# Drain Cleanin Gloves



## GREENPLUM (Jul 27, 2008)

Anyone use these? Im thinking about getting some but there kinda expensive.


----------



## beachplumber (Feb 7, 2010)

Go for the gloves not the mit I think spartan has them


----------



## gear junkie (Jun 20, 2008)

I use red ugly gloves, found at any supply house. If you want to stick to the staple/leather gloves, the best place is an army surplus store. The military uses those gloves for concentina wire and I was finding them for $3 a pair in VA Beach.


----------



## Flyin Brian (Aug 22, 2009)

GREENPLUM said:


> Anyone use these? Im thinking about getting some but there kinda expensive.

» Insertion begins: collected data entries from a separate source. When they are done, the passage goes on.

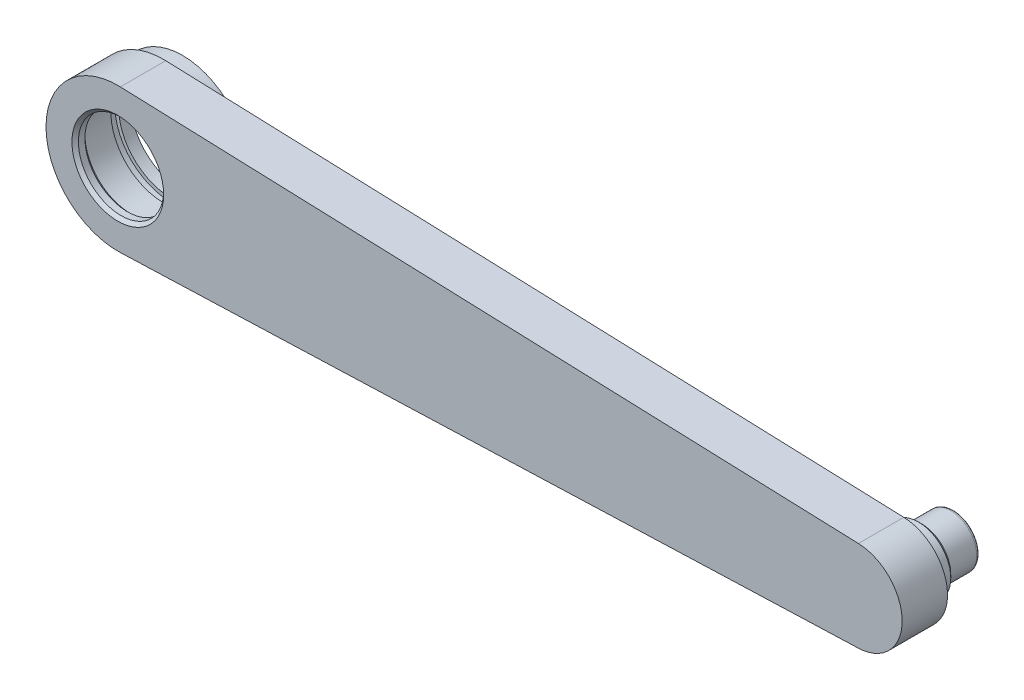
SolidWorks part; units mm, degrees
material "PEI"
ref_plane "前视基准面" through (0, 0, 0) normal (0, 0, 1) x (1, 0, 0)
ref_plane "上视基准面" through (0, 0, 0) normal (0, 1, 0) x (1, 0, 0)
ref_plane "右视基准面" through (0, 0, 0) normal (1, 0, 0) x (0, 0, -1)
other "Configuration Table"
sketch "草图1" plane through (0, 0, 0) normal (0, 0, 1) x (1, 0, 0)
  line L0 (0, 0) -> (114, 0) construction
  line L1 (0.3959, 11.0679) -> (114.2502, 6.9955)
  line L2 (0.3963, -11.0679) -> (114, -7)
  circle A0 centre (114, 0) radius 7
  circle A1 centre (0, 0) radius 8.075
  circle A2 centre (0, 0) radius 11.075
  dimension "D1" = 16.15
  dimension "D3" = 14
  dimension "D2" = 3
  dimension "D4" = 114
extrude "凸台-拉伸1" add sketch "草图1" along normal blind 7 contours A1 A2 | A2 L0 A0 L1 | L0 A2 L2 A0 | A0 region at (7.7447, -7.4723, 0) region at (55.374, 4.6572, 0) region at (55.3681, -4.6561, 0) region at (109.277, 4.895, 0)
sketch "草图2" plane through (0, 0, 7) normal (0, 0, 1) x (1, 0, 0)
  circle A0 centre (0, 0) radius 8.075 construction
  circle A1 centre (0, 0) radius 8.075
  circle A2 centre (0, 0) radius 6.575
  dimension "D1" = 1.5
extrude "凸台-拉伸2" add sketch "草图2" against normal blind 2
sketch "草图3" plane through (0, 0, 0) normal (0, 0, -1) x (-1, 0, 0)
  arc A0 (-114.2502, 6.9955) -> (-114, -7) centre (-114, 0) ccw construction
  arc A1 (-114.2502, 6.9955) -> (-114, -7) centre (-114, 0) ccw
  circle A2 centre (-114, 0) radius 4
  dimension "D1" = 8
extrude "凸台-拉伸3" add sketch "草图3" along normal blind 10 contours A2 region at (114, 0, 0)
sketch "草图4" plane through (0, 0, 0) normal (0, 0, -1) x (-1, 0, 0)
  circle A0 centre (-114, 0) radius 4 construction
  circle A1 centre (-114, 0) radius 4
  circle A2 centre (-114, 0) radius 5
  dimension "D1" = 1
extrude "凸台-拉伸4" add sketch "草图4" along normal blind 3
chamfer "倒角1" distance 0.5 angle 45 4 edges at (6.575, 0, 7) (6.575, 0, 5) (109, 0, -3) (110, 0, -10)
chamfer "倒角2" [suppressed] distance 1 angle 45
sketch "草图5" plane through (0, 0, 0) normal (0, 0, -1) x (-1, 0, 0)
  line L0 (-0.1738, 5.072) -> (-119.0901, 0.9975)
  line L1 (-118.9996, -0.9965) -> (-0.174, -5.072)
  line L2 (-114, -7) -> (-0.3963, -11.0679)
  line L3 (-114, -7) -> (-0.3963, -11.0679)
  line L8 (-0.3959, 11.0679) -> (-114.2502, 6.9955)
  line L9 (-0.3959, 11.0679) -> (-114.2502, 6.9955)
  arc A0 (-119.0901, 0.9975) -> (-118.9996, -0.9965) centre (-119.0945, -0.0017) ccw
  arc A1 (-0.174, -5.072) -> (-0.1738, 5.072) centre (0, 0) ccw
  arc A2 (-0.3963, -11.0679) -> (-0.3959, 11.0679) centre (0, 0) ccw
  arc A3 (-0.3963, -11.0679) -> (-0.3959, 11.0679) centre (0, 0) ccw
  circle A6 centre (-114, 0) radius 5 construction
  arc A12 (-114.2502, 6.9955) -> (-114, -7) centre (-114, 0) ccw
  arc A13 (-114.2502, 6.9955) -> (-114, -7) centre (-114, 0) ccw
  circle A30 centre (0, 0) radius 8.575
  circle A31 centre (-114, 0) radius 5
  circle A32 centre (-114, 0) radius 10
  circle A33 centre (0, 0) radius 13.575
  dimension "D1" = 0
  dimension "D3" = 5
extrude "切除-拉伸1" cut sketch "草图5" against normal up to surface (7 mm away) contours A33 L0 A32 L1 region at (51.0032, 0.0009, 0)
sketch "草图6" plane through (0, 0, 0) normal (0, 0, -1) x (-1, 0, 0)
  line L0 (-104.1142, -1.507) -> (-12.7572, -4.6404) construction
  line L1 (-12.7571, 4.6409) -> (-104.1148, 1.5106) construction
  line L2 (-104.1142, -1.507) -> (-12.7572, -4.6404)
  line L3 (-12.7571, 4.6409) -> (-104.1148, 1.5106)
  line L4 (-12.8598, 7.6391) -> (-104.2175, 4.5089)
  line L5 (-104.217, -4.5053) -> (-12.8601, -7.6387)
  line L6 (-104.2175, 4.5089) -> (-104.1148, 1.5106)
  line L7 (-104.1142, -1.507) -> (-104.217, -4.5053)
  line L8 (-12.8598, 7.6391) -> (-12.7571, 4.6409)
  line L9 (-12.7572, -4.6404) -> (-12.8601, -7.6387)
  dimension "D1" = 3
extrude "切除-拉伸2" cut sketch "草图6" against normal blind 5
sketch "草图7" plane through (0, 0, 0) normal (0, 1, 0) x (1, 0, 0)
  line L0 (117.5, 10) -> (110.5, 10) construction
  line L1 (117.5, 10) -> (110.5, 10)
  line L2 (114, 10) -> (114, 0.7286) construction
  line L4 (110.3, 9) -> (110, 9)
  line L5 (110.3, 9) -> (110.3, 8)
  line L6 (110.3, 8) -> (110, 8)
  line L7 (110, 9) -> (110, 8)
  dimension "D1" = 1
  dimension "D2" = 4
  dimension "D3" = 3.7
  dimension "D4" = 2
revolve "切除-旋转1" [suppressed] cut sketch "草图7" angle 360 about L2
sketch "草图8" plane through (0, 0, -10) normal (0, 0, -1) x (-1, 0, 0)
  circle A0 centre (-114, 0) radius 4 construction
  circle A1 centre (-114, 0) radius 4
extrude "切除-拉伸3" cut sketch "草图8" against normal blind 2
fillet "圆角1" radius 0.5 1 edges at (110, 0, -8)
sketch "草图9" plane through (0, 0, -8) normal (0, 0, -1) x (-1, 0, 0)
  circle A0 centre (-114, 0) radius 2.2
  dimension "D1" = 4.4
extrude "切除-拉伸4" cut sketch "草图9" against normal blind 10
sketch "草图10" plane through (0, 0, 0) normal (0, 0, -1) x (-1, 0, 0)
  circle A0 centre (0, 0) radius 10.075
  circle A1 centre (0, 0) radius 8.075 construction
  circle A2 centre (0, 0) radius 8.075
  dimension "D1" = 2
extrude "凸台-拉伸5" add sketch "草图10" along normal blind 3
sketch "草图11" plane through (0, 0, 0) normal (0, 1, 0) x (1, 0, 0)
  line L0 (8.075, 3) -> (-8.075, 3) construction
  line L1 (5.1574, 1.2) -> (8.65, 1.2)
  line L2 (5.1574, 1.2) -> (5.1574, 0)
  line L3 (5.1574, 0) -> (8.65, 0)
  line L4 (8.65, 1.2) -> (8.65, 0)
  line L5 (0, 0) -> (0, 7.7818) construction
  dimension "D1" = 1.2
  dimension "D2" = 8.65
  dimension "D3" = 3
revolve "切除-旋转2" cut sketch "草图11" angle 360 about L5 region at (6.9037, 0, -0.6)
sketch "草图12" plane through (0, 0, 7) normal (0, 0, 1) x (1, 0, 0)
  line L0 (104.1142, -1.507) -> (12.7572, -4.6404) construction
  line L1 (12.7571, 4.6409) -> (104.1148, 1.5106) construction
  line L2 (104.1142, -1.507) -> (12.7572, -4.6404)
  line L3 (12.7571, 4.6409) -> (104.1148, 1.5106)
  arc A0 (104.1148, 1.5106) -> (104.1142, -1.507) centre (114, 0) ccw construction
  arc A1 (12.7572, -4.6404) -> (12.7571, 4.6409) centre (0, 0) ccw construction
  arc A2 (104.1148, 1.5106) -> (104.1142, -1.507) centre (114, 0) ccw
  arc A3 (12.7572, -4.6404) -> (12.7571, 4.6409) centre (0, 0) ccw
extrude "凸台-拉伸6" add sketch "草图12" against normal up to surface (2 mm away) up to face at (58.4871, -4.5728, 5)
sketch "草图13" plane through (0, 0, 5) normal (0, 0, -1) x (-1, 0, 0)
  line L6 (-104.1142, -1.507) -> (-104.217, -4.5053)
  line L7 (-104.217, -4.5053) -> (-12.8601, -7.6387)
  line L8 (-12.8601, -7.6387) -> (-12.7572, -4.6404)
  line L9 (-12.7571, 4.6409) -> (-12.8598, 7.6391)
  line L10 (-12.8598, 7.6391) -> (-104.2175, 4.5089)
  line L11 (-104.2175, 4.5089) -> (-104.1148, 1.5106)
  line L12 (-104.1142, -1.507) -> (-104.217, -4.5053)
  line L13 (-104.217, -4.5053) -> (-12.8601, -7.6387)
  line L14 (-12.8601, -7.6387) -> (-12.7572, -4.6404)
  line L15 (-12.7571, 4.6409) -> (-12.8598, 7.6391)
  line L16 (-12.8598, 7.6391) -> (-104.2175, 4.5089)
  line L17 (-104.2175, 4.5089) -> (-104.1148, 1.5106)
  arc A2 (-12.7571, 4.6409) -> (-12.7572, -4.6404) centre (0, 0) ccw
  arc A3 (-104.1142, -1.507) -> (-104.1148, 1.5106) centre (-114, 0) ccw
  arc A4 (-12.7571, 4.6409) -> (-12.7572, -4.6404) centre (0, 0) ccw
  arc A5 (-104.1142, -1.507) -> (-104.1148, 1.5106) centre (-114, 0) ccw
  dimension "D1" = 0
extrude "凸台-拉伸7" add sketch "草图13" along normal up to surface (5 mm away) up to face at (58.5751, 0.001, 0)
equation "\"D4@草图1\"= \"连接杆_前_长度\""
equation "\"连接杆_前_长度\"= 114"

LMFAO! are these the new "pimped out" bling bling sewer gloves? does the glitter come in GOLD?:laughing:


----------



## RealLivePlumber (Jun 22, 2008)

I use regular 2 palm leather gloves. 

The extra life offered by the grommets will be offset by the scuminess. :yes:

I think I still have some of those laying around the shop that came with my drain machines......


----------



## PLUMB TIME (Feb 2, 2009)

Not worth the dough, and they become hotter than hell when the cable is spinning and your tryin to yank out a root ball.


----------



## Plumber Jim (Jun 19, 2008)

I use the red ugly gloves from Gorlitz.


----------



## ranman (Jan 24, 2010)

i use them sometimes. i wear latex gloves under them .

i order the ridgid ones


----------



## mialle30 (May 10, 2010)

Micheal Jackson would have loved those. EEEEEhew!!


----------



## PlumberDave (Jan 4, 2009)

I use them with the K-60.


----------



## UnclogNH (Mar 28, 2009)

Best gloves I have ever used :thumbup: Grapplers from drain cables direct.
Cost a few bucks more but worth it.

http://www.draincables.com/ProductDetails.asp?ProductCode=GL104


----------



## 130 PLUMBER (Oct 22, 2009)

I also use the ugly gloves


----------